The present study describes comprehensive gene expression profiles of breast tumours from Indian women and the presence of molecular subtypes in this population. Genes involved in cell cycle, ECM, metastasis were some of the essential pathways found to be up-regulated, on the other hand genes involved in lipid metabolism, PPAR were some of the pathways that were found down-regulated. Genes belonging to cell adhesion, cell cycle, ECM receptor interaction pathways were deregulated in early-onset breast cancers. This study confirmed the presence of molecular subtypes in breast tumours based on gene expression profiles, for the first time from Indian patients. Comparison with western data has revealed the presence of several deregulated genes that are common between Indian and western patients suggesting a similarity in the molecular mechanisms; however, a higher similarity was with that of the Asian population. Comparison of gene expression profiles in early- and late-onset tumours showed several common DEGs between the groups, but with differences in fold change of their gene expression.
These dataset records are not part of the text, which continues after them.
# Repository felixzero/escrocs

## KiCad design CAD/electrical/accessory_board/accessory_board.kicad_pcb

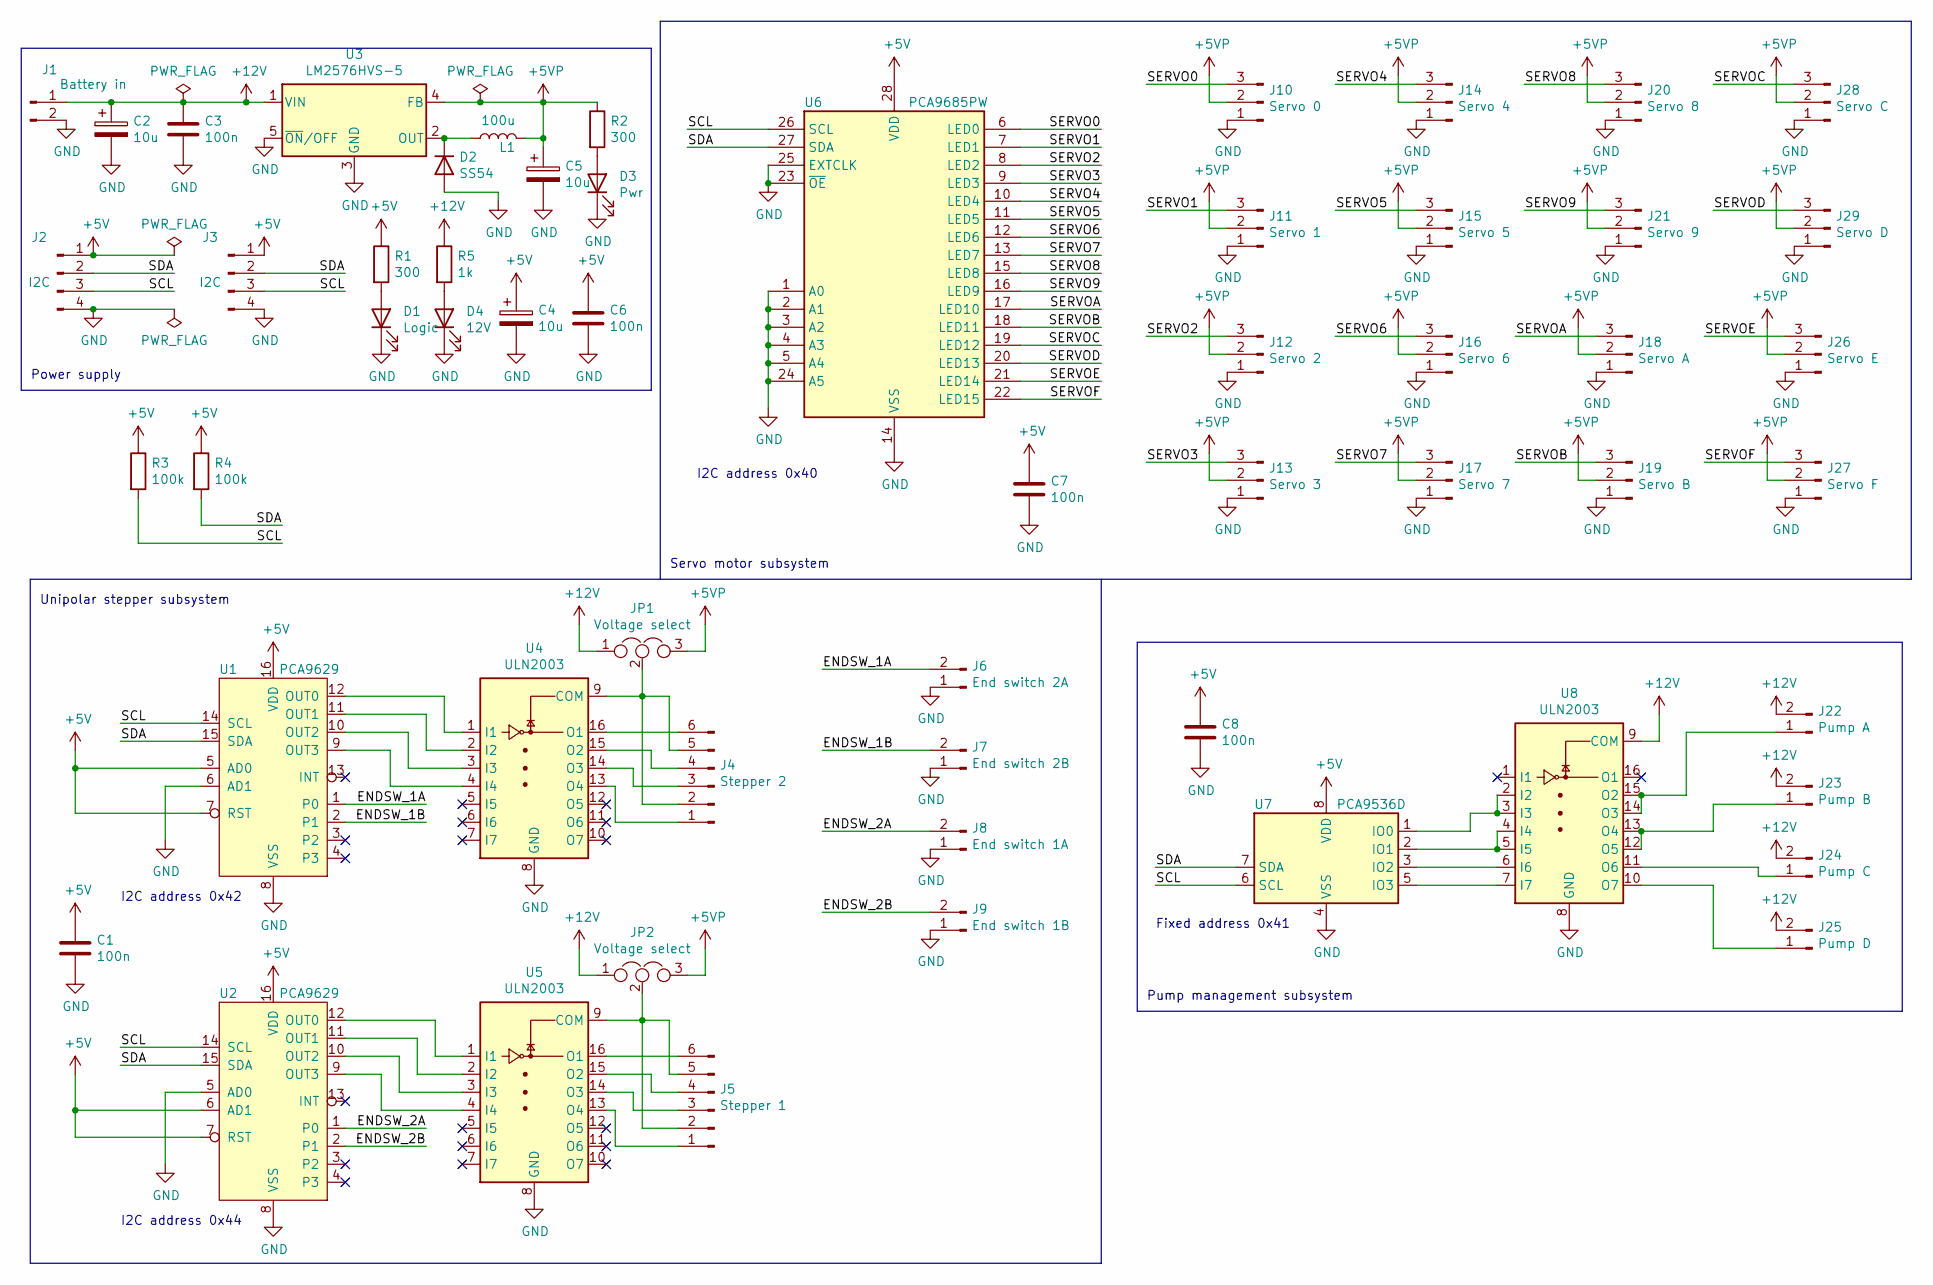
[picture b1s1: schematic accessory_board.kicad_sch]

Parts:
C1, C3, C6, C7, C8: 100n; C_1206_3216Metric_Pad1.33x1.80mm_HandSolder
C2, C4, C5: 10u; CP_Radial_D5.0mm_P2.00mm
D1: Logic; LED_D3.0mm
D2: SS54; D_SMB_Handsoldering
D3: Pwr; LED_D3.0mm
D4: 12V; LED_D3.0mm
J1: Battery in; BarrelJack_Horizontal
J2, J3: I2C; Molex_KK-254_AE-6410-04A_1x04_P2.54mm_Vertical
J4: Stepper 2; Molex_KK-254_AE-6410-06A_1x06_P2.54mm_Vertical
J5: Stepper 1; Molex_KK-254_AE-6410-06A_1x06_P2.54mm_Vertical
J6: End switch 2A; Molex_KK-254_AE-6410-02A_1x02_P2.54mm_Vertical
J7: End switch 2B; Molex_KK-254_AE-6410-02A_1x02_P2.54mm_Vertical
J8: End switch 1A; Molex_KK-254_AE-6410-02A_1x02_P2.54mm_Vertical
J9: End switch 1B; Molex_KK-254_AE-6410-02A_1x02_P2.54mm_Vertical
J10: Servo 0; Molex_KK-254_AE-6410-03A_1x03_P2.54mm_Vertical
J11: Servo 1; Molex_KK-254_AE-6410-03A_1x03_P2.54mm_Vertical
J12: Servo 2; Molex_KK-254_AE-6410-03A_1x03_P2.54mm_Vertical
J13: Servo 3; Molex_KK-254_AE-6410-03A_1x03_P2.54mm_Vertical
J14: Servo 4; Molex_KK-254_AE-6410-03A_1x03_P2.54mm_Vertical
J15: Servo 5; Molex_KK-254_AE-6410-03A_1x03_P2.54mm_Vertical
J16: Servo 6; Molex_KK-254_AE-6410-03A_1x03_P2.54mm_Vertical
J17: Servo 7; Molex_KK-254_AE-6410-03A_1x03_P2.54mm_Vertical
J18: Servo A; Molex_KK-254_AE-6410-03A_1x03_P2.54mm_Vertical
J19: Servo B; Molex_KK-254_AE-6410-03A_1x03_P2.54mm_Vertical
J20: Servo 8; Molex_KK-254_AE-6410-03A_1x03_P2.54mm_Vertical
J21: Servo 9; Molex_KK-254_AE-6410-03A_1x03_P2.54mm_Vertical
J22: Pump A; Molex_KK-254_AE-6410-02A_1x02_P2.54mm_Vertical
J23: Pump B; Molex_KK-254_AE-6410-02A_1x02_P2.54mm_Vertical
J24: Pump C; Molex_KK-254_AE-6410-02A_1x02_P2.54mm_Vertical
J25: Pump D; Molex_KK-254_AE-6410-02A_1x02_P2.54mm_Vertical
J26: Servo E; Molex_KK-254_AE-6410-03A_1x03_P2.54mm_Vertical
J27: Servo F; Molex_KK-254_AE-6410-03A_1x03_P2.54mm_Vertical
J28: Servo C; Molex_KK-254_AE-6410-03A_1x03_P2.54mm_Vertical
J29: Servo D; Molex_KK-254_AE-6410-03A_1x03_P2.54mm_Vertical
JP1, JP2: Voltage select; PinHeader_1x03_P2.54mm_Vertical
L1: 100u; L_Radial_D24.4mm_P23.70mm_muRATA_1400series
R1, R2: 300; R_1206_3216Metric_Pad1.30x1.75mm_HandSolder
R3, R4: 100k; R_1206_3216Metric_Pad1.30x1.75mm_HandSolder
R5: 1k; R_1206_3216Metric_Pad1.30x1.75mm_HandSolder
U1, U2: PCA9629; TSSOP-16_4.4x5mm_P0.65mm
U3: LM2576HVS-5; TO-263-5_TabPin3
U4, U5, U8: ULN2003; SO-16_3.9x9.9mm_P1.27mm
U6: PCA9685PW; TSSOP-28_4.4x9.7mm_P0.65mm
U7: PCA9536D; SOIC-8_3.9x4.9mm_P1.27mm

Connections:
+5V: C1.1, C4.1, C6.1, C7.1, C8.1, J2.1, J3.1, R1.1, R3.1, R4.1, U1.5 (AD0), U1.7 (RST), U1.16 (VDD), U2.6 (AD1), U2.7 (RST), U2.16 (VDD), U6.28 (VDD), U7.8 (VDD)
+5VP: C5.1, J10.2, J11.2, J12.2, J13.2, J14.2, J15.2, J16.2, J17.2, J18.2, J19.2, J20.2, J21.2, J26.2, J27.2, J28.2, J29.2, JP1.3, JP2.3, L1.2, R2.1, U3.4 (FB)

Further, significant down-regulation of ADAMTS5 in old age patients had been reported for the first time in breast cancer patients.

Limitations

The current study describes gene expression profiles from Indian breast cancer patients, yet it has some limitations. In the present study, we have analysed gene expression profiles of 29 tumours and 9 controls, however, to extrapolate this outcome to the breast cancer patients in the Indian subcontinent, gene expression profiles in larger patients set covering various geographical regions in India is warranted. Another limitation of the study is that genes which were found to be differentially expressed in microarray and qPCR, could not be validated at the protein level due to limited resources.